Records from a data source:
━━━━━━

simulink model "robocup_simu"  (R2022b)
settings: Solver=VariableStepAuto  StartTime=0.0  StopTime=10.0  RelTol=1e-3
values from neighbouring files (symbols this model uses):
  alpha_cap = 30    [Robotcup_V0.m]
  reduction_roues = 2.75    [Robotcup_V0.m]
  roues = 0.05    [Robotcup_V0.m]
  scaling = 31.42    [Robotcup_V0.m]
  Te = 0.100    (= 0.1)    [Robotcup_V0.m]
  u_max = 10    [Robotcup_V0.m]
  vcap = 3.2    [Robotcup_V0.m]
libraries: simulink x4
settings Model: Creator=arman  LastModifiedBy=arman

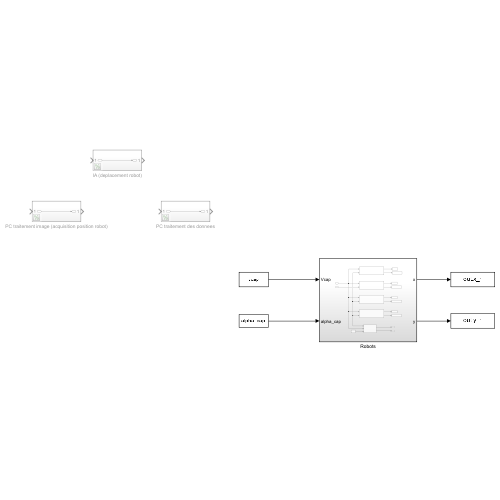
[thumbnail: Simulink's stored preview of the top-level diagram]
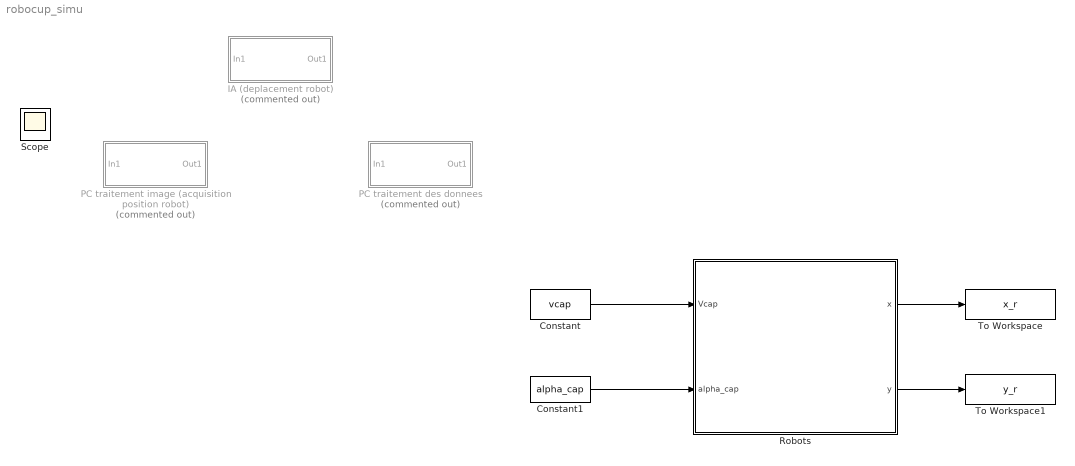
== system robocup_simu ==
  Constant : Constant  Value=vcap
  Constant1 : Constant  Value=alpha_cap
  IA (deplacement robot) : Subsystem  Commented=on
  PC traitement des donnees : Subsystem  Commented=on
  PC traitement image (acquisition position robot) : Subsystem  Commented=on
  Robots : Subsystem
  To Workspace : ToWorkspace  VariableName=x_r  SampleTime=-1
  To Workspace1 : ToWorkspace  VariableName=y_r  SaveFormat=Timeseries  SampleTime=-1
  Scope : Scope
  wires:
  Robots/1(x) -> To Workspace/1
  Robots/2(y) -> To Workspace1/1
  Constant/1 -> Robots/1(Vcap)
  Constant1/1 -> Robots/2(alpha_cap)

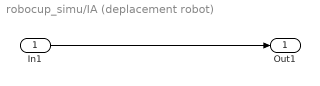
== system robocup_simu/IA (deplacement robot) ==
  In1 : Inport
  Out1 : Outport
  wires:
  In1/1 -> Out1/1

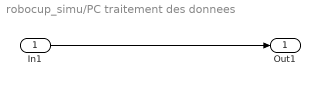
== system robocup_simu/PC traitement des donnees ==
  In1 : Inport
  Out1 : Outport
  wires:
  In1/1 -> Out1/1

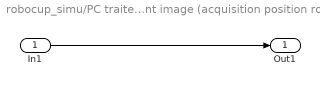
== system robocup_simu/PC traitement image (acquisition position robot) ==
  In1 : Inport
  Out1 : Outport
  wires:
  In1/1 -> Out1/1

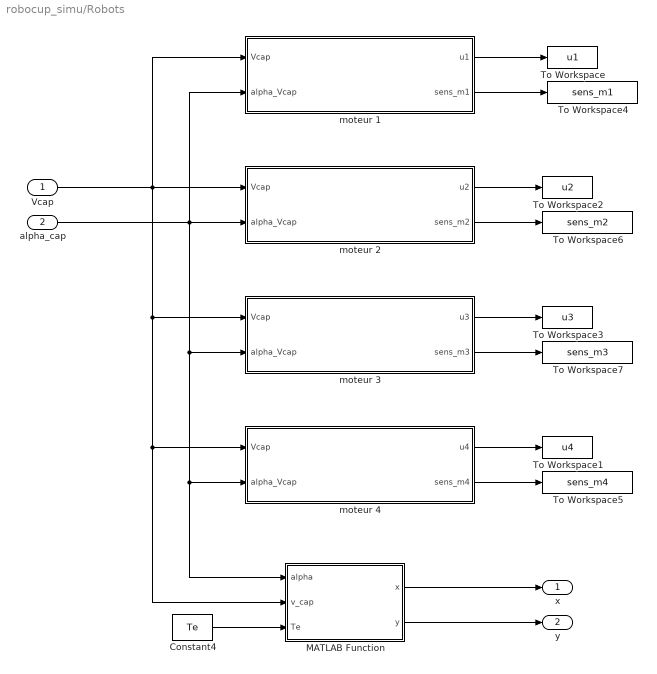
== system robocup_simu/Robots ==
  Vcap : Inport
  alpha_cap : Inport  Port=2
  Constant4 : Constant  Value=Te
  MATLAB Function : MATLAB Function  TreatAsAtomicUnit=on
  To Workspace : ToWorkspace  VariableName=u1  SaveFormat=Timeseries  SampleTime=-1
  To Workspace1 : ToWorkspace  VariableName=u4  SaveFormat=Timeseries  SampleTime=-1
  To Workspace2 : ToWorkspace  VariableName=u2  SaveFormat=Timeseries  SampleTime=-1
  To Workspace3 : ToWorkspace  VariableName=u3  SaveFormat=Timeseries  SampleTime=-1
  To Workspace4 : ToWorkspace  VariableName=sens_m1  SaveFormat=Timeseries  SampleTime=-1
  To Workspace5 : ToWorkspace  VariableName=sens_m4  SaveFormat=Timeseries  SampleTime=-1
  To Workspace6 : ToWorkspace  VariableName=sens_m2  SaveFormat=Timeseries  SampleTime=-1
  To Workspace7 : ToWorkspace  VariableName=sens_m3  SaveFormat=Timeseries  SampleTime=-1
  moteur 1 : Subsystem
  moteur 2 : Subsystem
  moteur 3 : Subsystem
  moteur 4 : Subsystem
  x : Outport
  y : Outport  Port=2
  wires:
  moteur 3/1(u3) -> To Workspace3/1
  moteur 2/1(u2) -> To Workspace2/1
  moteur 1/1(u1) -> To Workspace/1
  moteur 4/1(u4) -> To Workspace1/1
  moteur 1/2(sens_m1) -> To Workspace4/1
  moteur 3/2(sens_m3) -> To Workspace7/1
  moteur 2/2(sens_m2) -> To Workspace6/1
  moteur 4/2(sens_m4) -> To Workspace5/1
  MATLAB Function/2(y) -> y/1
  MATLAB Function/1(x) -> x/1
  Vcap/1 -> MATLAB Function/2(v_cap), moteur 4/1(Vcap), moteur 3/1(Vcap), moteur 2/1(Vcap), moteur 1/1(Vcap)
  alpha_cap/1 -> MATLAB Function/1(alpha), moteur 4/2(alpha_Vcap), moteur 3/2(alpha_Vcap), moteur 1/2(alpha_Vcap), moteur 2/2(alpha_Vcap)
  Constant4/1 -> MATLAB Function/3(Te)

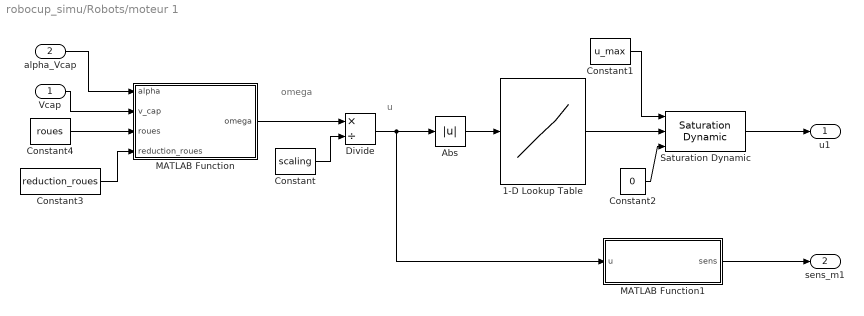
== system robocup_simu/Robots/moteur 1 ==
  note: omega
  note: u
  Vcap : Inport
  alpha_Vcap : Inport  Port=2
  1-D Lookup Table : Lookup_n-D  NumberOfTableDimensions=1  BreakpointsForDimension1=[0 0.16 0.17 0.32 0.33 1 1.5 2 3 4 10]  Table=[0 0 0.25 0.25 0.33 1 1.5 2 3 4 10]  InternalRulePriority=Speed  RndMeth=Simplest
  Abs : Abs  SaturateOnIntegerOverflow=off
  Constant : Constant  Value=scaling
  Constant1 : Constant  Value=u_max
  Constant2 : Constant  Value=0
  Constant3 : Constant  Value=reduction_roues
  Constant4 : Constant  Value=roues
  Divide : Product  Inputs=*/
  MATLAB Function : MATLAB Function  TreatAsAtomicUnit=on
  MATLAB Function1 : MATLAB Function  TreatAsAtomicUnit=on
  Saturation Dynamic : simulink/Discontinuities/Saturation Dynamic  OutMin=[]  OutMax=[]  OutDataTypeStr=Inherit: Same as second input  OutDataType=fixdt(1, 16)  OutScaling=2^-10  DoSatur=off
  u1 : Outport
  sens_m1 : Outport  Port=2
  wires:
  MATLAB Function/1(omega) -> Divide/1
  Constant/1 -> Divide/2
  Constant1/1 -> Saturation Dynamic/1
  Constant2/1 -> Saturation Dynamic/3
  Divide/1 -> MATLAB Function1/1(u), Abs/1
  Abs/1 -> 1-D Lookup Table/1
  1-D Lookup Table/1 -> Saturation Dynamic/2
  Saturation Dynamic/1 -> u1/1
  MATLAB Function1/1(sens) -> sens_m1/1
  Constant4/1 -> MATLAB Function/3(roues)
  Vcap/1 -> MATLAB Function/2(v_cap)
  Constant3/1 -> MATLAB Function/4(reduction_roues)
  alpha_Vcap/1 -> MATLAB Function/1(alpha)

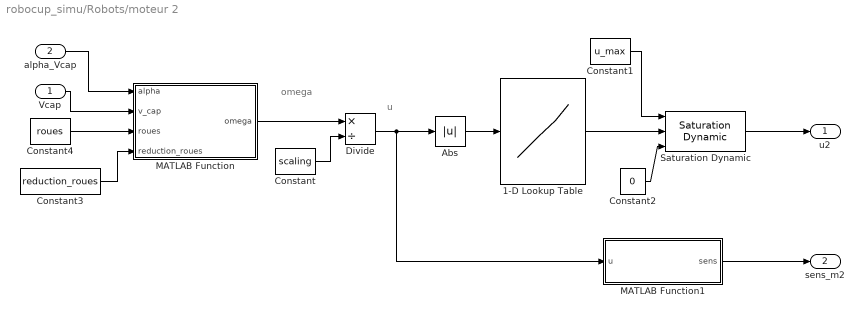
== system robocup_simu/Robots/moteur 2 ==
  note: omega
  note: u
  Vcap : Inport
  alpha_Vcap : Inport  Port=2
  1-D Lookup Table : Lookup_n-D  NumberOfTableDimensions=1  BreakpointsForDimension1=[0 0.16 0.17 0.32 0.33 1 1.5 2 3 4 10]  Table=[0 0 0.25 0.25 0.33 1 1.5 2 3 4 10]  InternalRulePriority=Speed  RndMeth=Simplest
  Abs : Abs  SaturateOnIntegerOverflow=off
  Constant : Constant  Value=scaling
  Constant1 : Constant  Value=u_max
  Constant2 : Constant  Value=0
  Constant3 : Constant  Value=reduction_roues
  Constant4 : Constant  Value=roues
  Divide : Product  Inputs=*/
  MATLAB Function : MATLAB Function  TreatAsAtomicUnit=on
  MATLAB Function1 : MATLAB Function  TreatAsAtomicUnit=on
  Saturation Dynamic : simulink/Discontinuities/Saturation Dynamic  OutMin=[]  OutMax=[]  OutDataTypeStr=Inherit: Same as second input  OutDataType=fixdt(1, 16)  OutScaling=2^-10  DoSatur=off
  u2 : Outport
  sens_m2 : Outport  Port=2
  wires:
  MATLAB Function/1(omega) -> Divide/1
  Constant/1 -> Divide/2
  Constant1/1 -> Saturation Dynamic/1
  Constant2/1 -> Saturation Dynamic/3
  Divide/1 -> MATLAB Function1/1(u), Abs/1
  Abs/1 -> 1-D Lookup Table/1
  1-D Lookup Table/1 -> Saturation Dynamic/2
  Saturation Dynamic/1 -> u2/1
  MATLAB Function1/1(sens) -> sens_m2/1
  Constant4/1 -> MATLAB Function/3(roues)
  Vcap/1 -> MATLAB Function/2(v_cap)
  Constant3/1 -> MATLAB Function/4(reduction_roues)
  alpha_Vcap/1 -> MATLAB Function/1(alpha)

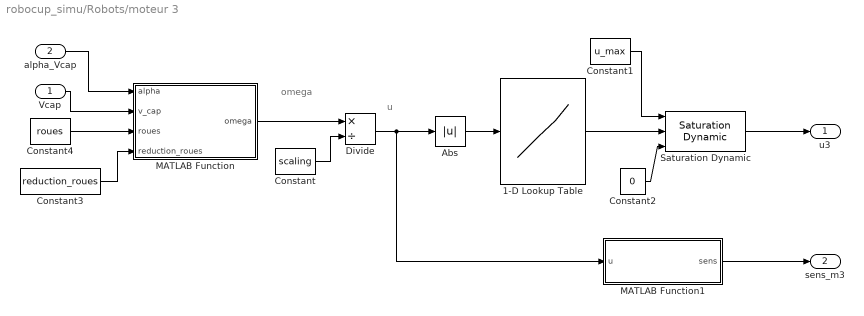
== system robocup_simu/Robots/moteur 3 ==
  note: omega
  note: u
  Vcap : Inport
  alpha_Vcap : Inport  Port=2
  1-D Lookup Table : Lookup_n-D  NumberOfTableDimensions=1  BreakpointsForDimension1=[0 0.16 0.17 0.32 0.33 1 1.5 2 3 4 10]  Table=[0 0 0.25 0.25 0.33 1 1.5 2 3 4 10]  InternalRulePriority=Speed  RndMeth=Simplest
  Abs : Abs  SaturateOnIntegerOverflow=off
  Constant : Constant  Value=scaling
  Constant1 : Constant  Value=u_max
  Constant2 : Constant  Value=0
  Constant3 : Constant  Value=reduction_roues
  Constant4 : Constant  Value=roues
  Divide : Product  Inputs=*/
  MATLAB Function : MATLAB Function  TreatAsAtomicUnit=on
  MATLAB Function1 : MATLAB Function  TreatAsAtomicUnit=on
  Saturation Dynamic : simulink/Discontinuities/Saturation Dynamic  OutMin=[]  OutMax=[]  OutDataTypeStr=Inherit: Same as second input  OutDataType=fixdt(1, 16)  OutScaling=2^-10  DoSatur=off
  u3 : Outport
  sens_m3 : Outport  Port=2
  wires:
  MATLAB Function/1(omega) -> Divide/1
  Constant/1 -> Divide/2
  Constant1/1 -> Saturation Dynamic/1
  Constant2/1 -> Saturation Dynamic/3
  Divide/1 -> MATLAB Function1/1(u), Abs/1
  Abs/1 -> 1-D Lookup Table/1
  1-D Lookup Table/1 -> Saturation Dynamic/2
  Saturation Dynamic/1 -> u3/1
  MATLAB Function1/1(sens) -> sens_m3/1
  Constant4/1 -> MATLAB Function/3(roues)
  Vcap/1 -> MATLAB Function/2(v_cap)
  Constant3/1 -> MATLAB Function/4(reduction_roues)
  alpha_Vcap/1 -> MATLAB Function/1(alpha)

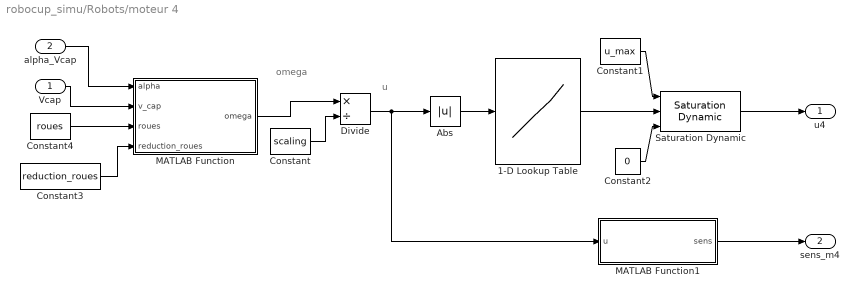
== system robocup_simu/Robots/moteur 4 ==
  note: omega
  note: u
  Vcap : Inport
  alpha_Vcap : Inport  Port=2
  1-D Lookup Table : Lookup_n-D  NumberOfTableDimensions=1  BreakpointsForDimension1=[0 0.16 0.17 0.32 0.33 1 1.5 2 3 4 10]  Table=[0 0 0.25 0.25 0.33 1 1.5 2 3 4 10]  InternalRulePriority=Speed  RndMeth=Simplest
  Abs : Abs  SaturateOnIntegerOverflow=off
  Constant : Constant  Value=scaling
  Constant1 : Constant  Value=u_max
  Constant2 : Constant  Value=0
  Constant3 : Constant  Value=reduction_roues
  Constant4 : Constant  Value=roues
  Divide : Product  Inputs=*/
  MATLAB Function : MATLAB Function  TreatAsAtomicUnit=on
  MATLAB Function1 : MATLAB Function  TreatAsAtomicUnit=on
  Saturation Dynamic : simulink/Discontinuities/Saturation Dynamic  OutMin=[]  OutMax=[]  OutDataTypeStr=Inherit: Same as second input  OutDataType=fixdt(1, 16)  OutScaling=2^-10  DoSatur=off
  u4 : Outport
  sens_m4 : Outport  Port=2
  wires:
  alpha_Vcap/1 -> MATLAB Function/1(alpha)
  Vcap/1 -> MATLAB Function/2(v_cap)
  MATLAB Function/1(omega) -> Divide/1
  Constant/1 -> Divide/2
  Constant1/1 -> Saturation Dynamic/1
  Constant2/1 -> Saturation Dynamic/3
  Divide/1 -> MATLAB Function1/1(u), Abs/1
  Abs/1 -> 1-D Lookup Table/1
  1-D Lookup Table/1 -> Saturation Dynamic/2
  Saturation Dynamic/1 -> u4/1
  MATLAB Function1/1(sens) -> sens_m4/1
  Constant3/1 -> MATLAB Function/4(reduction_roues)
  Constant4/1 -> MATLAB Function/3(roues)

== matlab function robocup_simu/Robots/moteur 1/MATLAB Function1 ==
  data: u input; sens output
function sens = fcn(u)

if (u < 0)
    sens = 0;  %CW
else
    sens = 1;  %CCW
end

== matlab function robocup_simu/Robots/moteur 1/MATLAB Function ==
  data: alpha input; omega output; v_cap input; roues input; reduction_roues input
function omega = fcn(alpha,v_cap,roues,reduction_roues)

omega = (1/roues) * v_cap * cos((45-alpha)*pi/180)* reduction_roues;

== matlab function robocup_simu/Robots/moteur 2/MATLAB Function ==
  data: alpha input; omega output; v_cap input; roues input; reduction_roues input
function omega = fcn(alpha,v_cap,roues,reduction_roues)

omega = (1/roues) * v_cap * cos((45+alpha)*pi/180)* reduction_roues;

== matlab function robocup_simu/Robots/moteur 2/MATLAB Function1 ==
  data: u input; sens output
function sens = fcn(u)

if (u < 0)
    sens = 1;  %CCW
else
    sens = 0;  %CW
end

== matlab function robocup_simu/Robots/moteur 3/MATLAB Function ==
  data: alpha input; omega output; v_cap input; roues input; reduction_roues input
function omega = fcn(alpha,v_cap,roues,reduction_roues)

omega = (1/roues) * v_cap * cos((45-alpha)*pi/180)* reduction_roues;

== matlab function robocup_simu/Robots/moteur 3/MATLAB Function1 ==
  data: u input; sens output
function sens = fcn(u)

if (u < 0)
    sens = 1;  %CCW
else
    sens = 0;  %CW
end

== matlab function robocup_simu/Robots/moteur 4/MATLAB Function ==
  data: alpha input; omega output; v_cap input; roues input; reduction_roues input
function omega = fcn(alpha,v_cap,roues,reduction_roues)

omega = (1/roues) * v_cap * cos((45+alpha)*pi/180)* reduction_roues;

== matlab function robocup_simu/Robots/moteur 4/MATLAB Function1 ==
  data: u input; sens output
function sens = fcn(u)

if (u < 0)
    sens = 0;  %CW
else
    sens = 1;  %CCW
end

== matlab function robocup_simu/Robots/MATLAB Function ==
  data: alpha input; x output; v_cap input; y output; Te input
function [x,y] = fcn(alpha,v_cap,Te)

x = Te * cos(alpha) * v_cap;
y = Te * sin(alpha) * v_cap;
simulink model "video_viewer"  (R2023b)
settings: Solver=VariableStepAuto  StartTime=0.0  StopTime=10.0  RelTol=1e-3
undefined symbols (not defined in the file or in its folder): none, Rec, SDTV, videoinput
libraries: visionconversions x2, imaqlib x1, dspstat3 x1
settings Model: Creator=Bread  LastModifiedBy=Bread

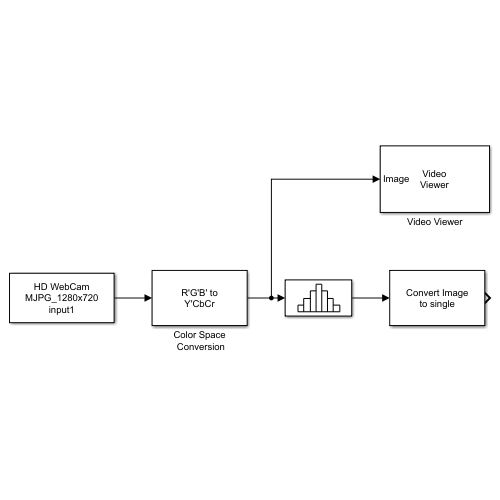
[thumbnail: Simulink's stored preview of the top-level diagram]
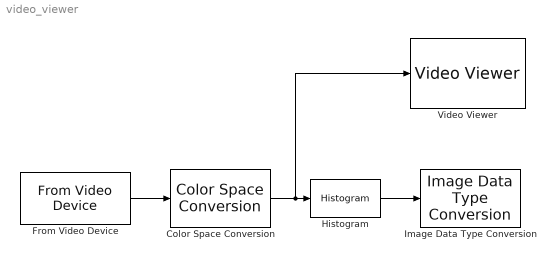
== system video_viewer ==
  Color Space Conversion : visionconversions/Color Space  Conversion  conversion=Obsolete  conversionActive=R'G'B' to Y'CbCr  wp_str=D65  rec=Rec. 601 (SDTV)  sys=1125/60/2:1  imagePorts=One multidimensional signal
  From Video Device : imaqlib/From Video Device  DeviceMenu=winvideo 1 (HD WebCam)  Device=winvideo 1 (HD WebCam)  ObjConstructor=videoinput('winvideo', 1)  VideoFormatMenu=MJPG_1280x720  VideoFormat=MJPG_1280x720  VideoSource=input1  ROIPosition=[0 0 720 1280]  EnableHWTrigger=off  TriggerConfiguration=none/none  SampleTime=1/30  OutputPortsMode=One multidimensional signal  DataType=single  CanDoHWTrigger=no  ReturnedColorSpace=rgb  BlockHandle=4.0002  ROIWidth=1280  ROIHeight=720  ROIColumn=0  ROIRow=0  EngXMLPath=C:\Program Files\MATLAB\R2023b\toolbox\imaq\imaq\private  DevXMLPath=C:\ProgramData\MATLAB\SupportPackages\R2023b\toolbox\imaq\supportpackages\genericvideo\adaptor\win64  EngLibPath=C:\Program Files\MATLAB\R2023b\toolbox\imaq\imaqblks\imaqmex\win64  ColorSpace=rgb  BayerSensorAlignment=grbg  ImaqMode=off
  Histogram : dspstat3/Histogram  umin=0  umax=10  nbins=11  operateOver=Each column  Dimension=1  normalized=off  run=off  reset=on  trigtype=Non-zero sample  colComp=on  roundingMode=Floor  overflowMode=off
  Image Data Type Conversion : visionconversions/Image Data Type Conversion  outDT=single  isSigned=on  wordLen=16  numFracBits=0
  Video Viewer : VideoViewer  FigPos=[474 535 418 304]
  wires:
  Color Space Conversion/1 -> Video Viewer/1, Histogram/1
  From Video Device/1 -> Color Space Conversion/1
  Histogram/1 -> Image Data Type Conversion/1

━━━━━━

Exercise instructions
If a line in the entries holds the string "deplacement", copy it.

Task solution
  IA (deplacement robot) : Subsystem  Commented=on
== system robocup_simu/IA (deplacement robot) ==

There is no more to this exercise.